I think you could benefit from some IC.


----------



## chillymorn (Aug 11, 2010)

Almostrecovered said:


> what about explosions?


:scratchhead:

what about them?

nothing to do with the subject at hand.


me thinks your just stiring the pot so to speak. say what you mean.


are you refering to gun somehow exploding spontaniously?
which never happens!


----------



## lamaga (May 8, 2012)

I can't speak for AR, but I thought it was pretty clearly a joke. Do we have to be deadly serious all the time?


----------



## momtwo4 (May 23, 2012)

chillymorn--you are right about the compatibility issues. I'll admit it, I was VERY naive. I married him because I loved him and we both share the same moral values. Honestly these other issues did not even come up. I met his family, and thought that they were strange, but again, I did not think about the implications once we had a family. And HE did not seem to care much about guns, motorcycles, and trucks back then. Before kids, it was about us. We had awesome discussions and we did do things together.

And lamaga, you really hit the nail on the head. What I want is to stay together. I'll admit, sometimes I feel like I would be better off on my own. But I still love my DH. He is a good man, a hard worker, and a good father. And maybe I've been taking those qualities for granted. And you are right that I shouldn't be making a unilateral decision. I guess I need to talk with him about this issue. I do wish my in-laws would get out of our lives though! He is always feeling like he needs to please them. I want to tell them to butt out.


----------



## chillymorn (Aug 11, 2010)

lamaga said:


> I can't speak for AR, but I thought it was pretty clearly a joke. Do we have to be deadly serious all the time?


My bad just a sensitive subject with me.

sick of people who want to take my rights away from me and leave me with no good way to protect my family and myself.


----------



## lamaga (May 8, 2012)

Yeah, mom, that's a good topic to address in MC -- in-laws are such a frequent source of tension! And you're right, your decisions re your children and your lifestyle need to be yours and his.
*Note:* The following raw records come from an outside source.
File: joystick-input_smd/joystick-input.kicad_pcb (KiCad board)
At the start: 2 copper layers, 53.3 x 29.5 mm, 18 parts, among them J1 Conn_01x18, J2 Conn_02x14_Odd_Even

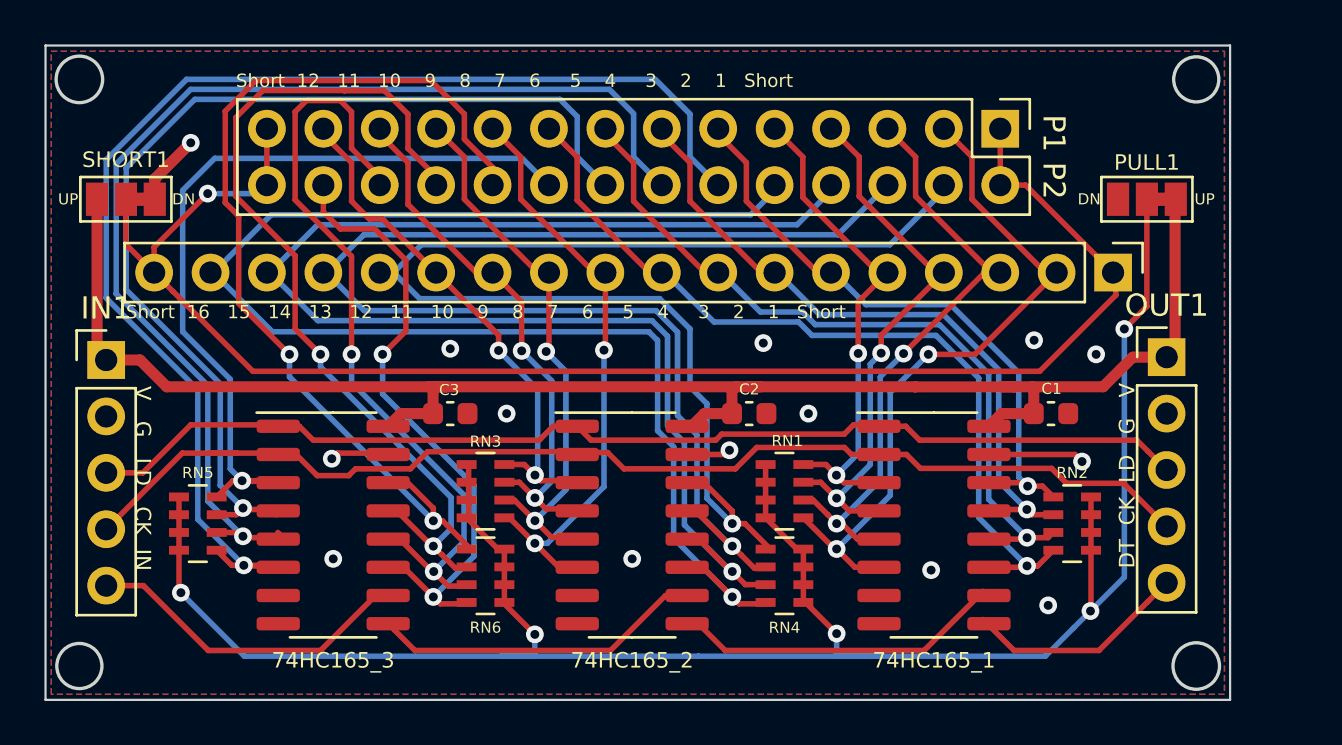
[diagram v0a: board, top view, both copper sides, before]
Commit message: joystick smd 캐퍼시터 크기 변경
Signed-off-by: Ju, Gyeong-min <jcmh74@gmail.com>
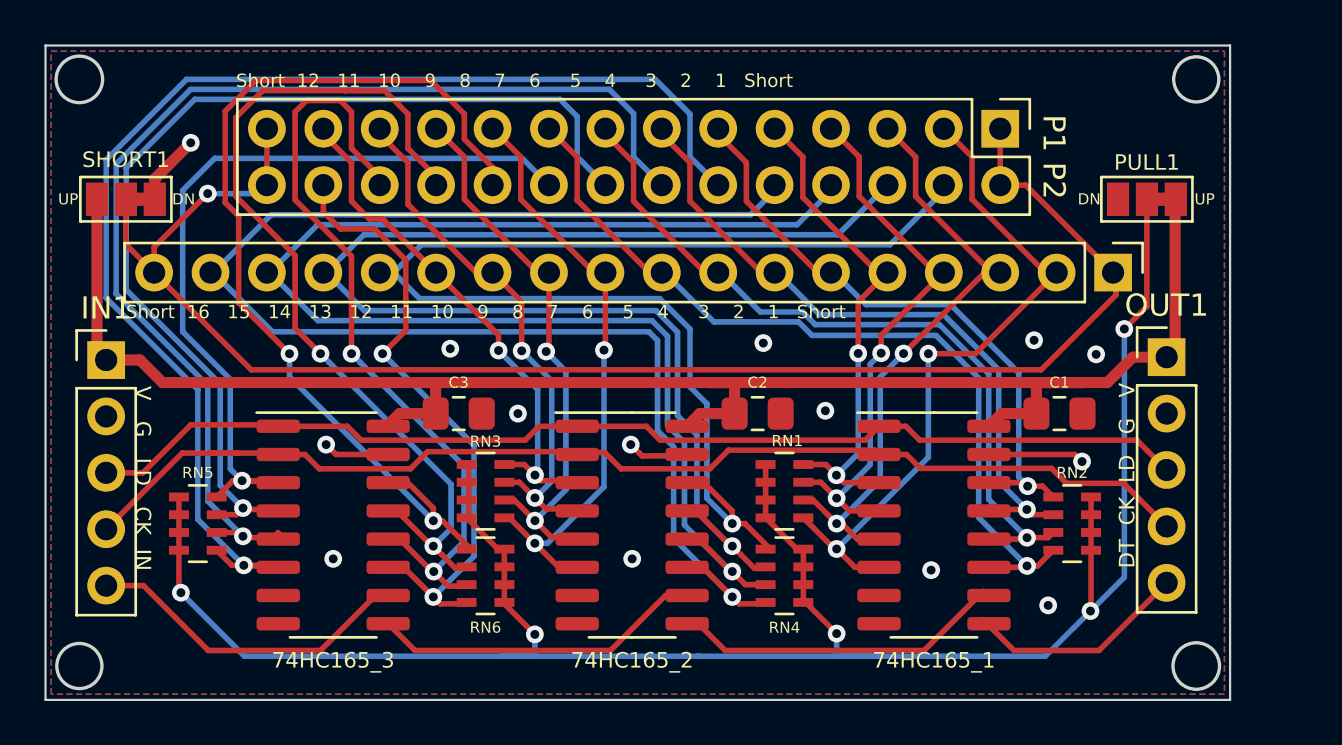
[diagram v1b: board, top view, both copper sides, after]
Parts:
- C1, C2, C3: footprint Capacitor_SMD:C_0603_1608Metric -> Capacitor_SMD:C_0805_2012Metric_Pad1.18x1.45mm_HandSolder
- moved C1 0.38 mm to (157.5, 84.3)
- moved C2 0.38 mm to (143.9, 84.3)
- moved C3 0.38 mm to (130.4, 84.3)
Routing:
- net VCC: track 75.2 -> 78.1 mm
- net GND: track 12.2 -> 13.3 mm

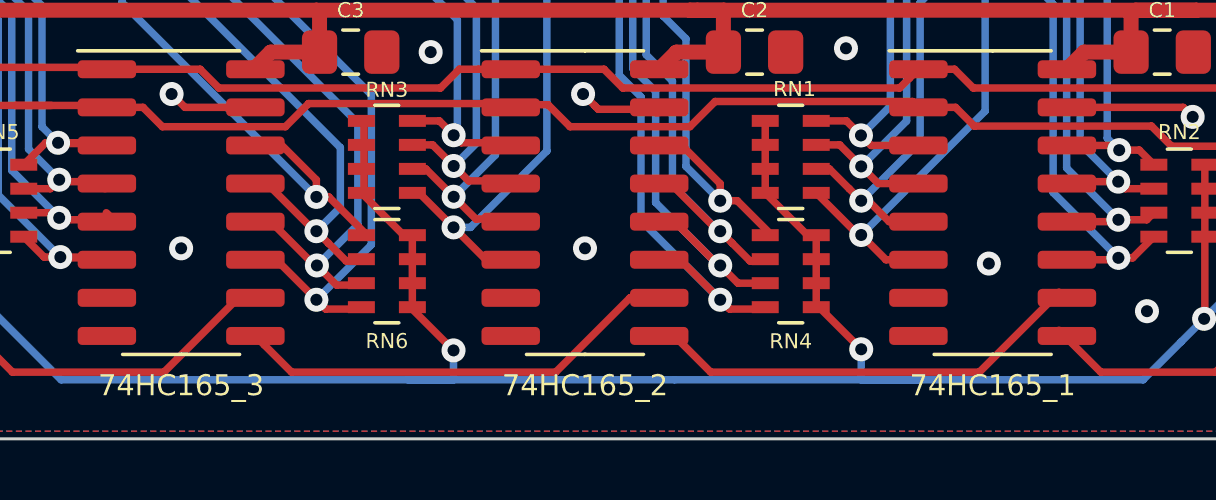
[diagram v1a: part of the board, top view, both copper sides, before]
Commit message: 실크 개선
Signed-off-by: Ju, Gyeong-min <jcmh74@gmail.com>
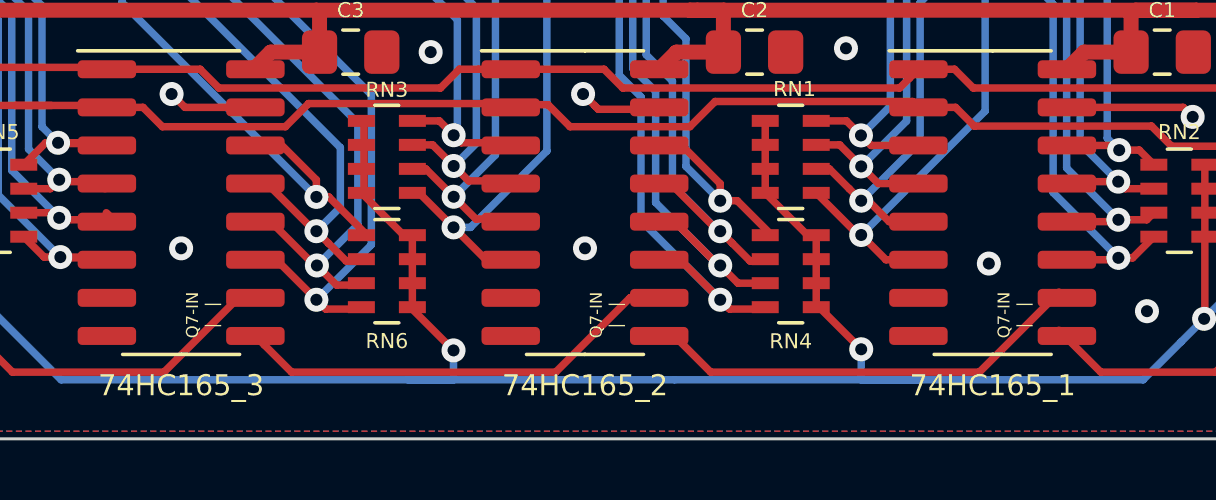
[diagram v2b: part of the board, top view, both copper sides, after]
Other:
- board text added: "Q7-IN | |"

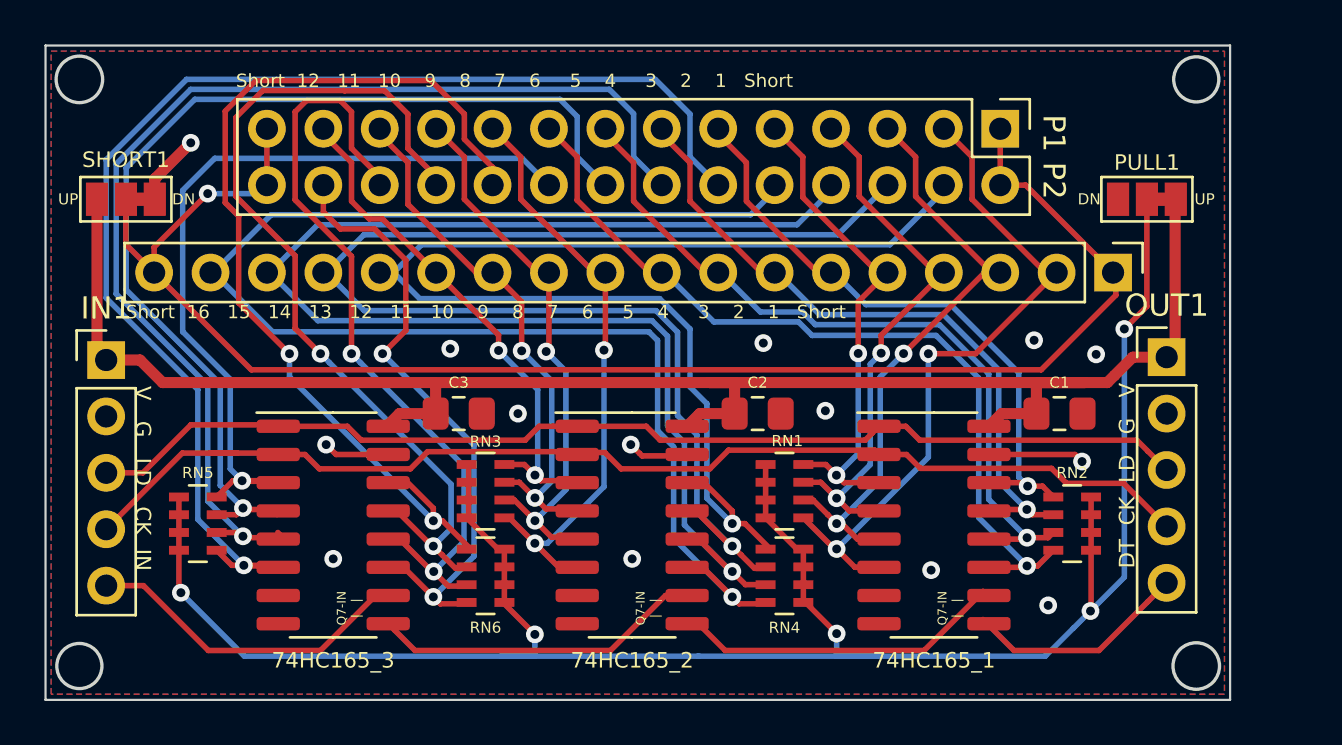
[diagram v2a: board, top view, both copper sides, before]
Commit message: joystick smd 라벨 및 실크 수정
Signed-off-by: Ju, Gyeong-min <jcmh74@gmail.com>
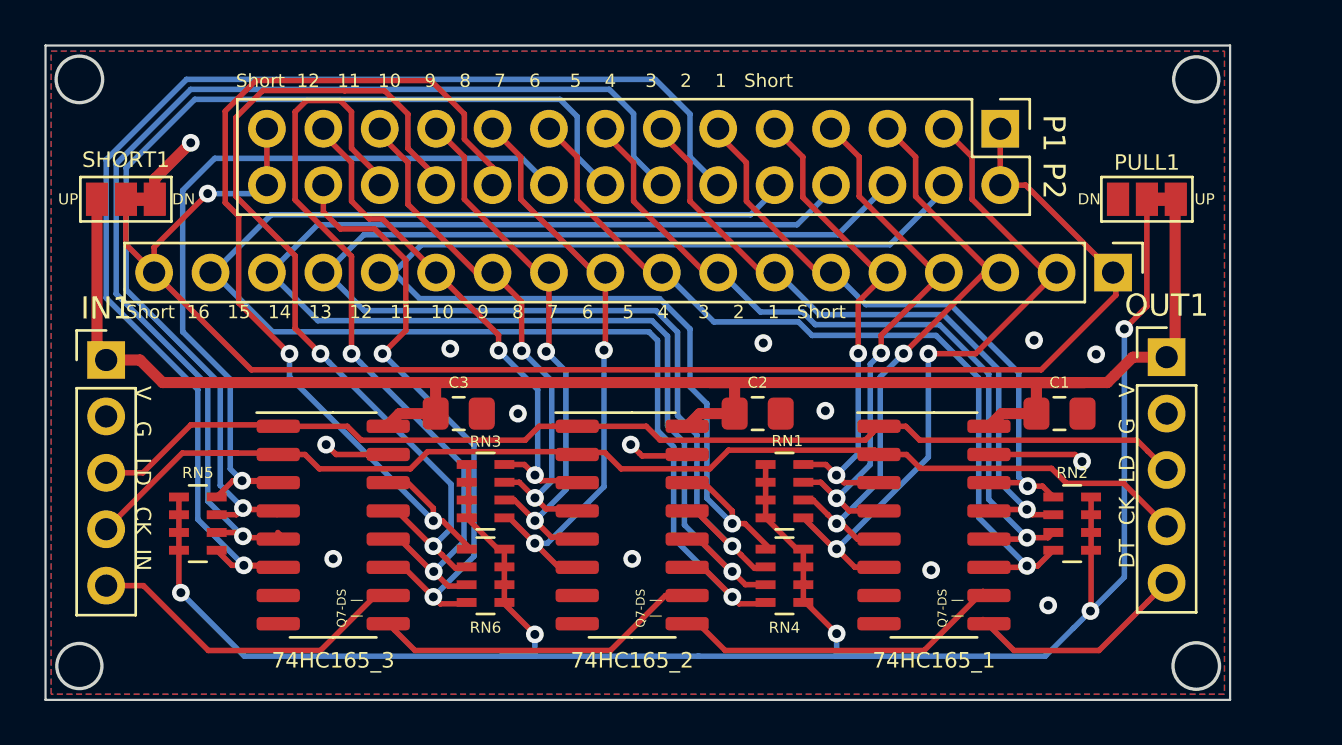
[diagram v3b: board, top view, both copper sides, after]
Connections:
- net /Q7 renamed /D_OUT_2
- net /Q7_2 renamed /D_OUT_3
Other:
- board text added: "Q7-DS | |"
- board text removed: "Q7-IN | |"

Well, you are way ahead of the game in that you know what you want, and you know what some of the obstacles are. That's half the battle right there! Good luck!


----------



## Almostrecovered (Jul 14, 2011)

chillymorn said:


> My bad just a sensitive subject with me.
> 
> sick of people who want to take my rights away from me and leave me with no good way to protect my family and myself.



huge difference between having the legal right to a gun (which I believe in) and not wanting such items in the house

I have no interest in ever wanting a gun in my house, but I will fight for the right of others if they choose to have them

the real issue is that there is a disagreement between spouses on what is or is not acceptable to each spouse in regards to what is in the home


----------



## Toffer (Jan 31, 2012)

"so says the woman whose brother shot her when she was four...fortunately, it was just a BB gun" - lamaga

My brother shott me too with his crossman BB gun when i was about 11, right in the butt!

OP, have you spoken to your MD about your libido issues? Are you on any meds? Do you find your husband attractive and sexy or are these issues making you not like him?

lamaga is right about the sex issue. It is hugely important to most guys

I am 50 and my wife is 47 and we average a little under 1x a week (not by my choice) but you guys are close to 20 years younger!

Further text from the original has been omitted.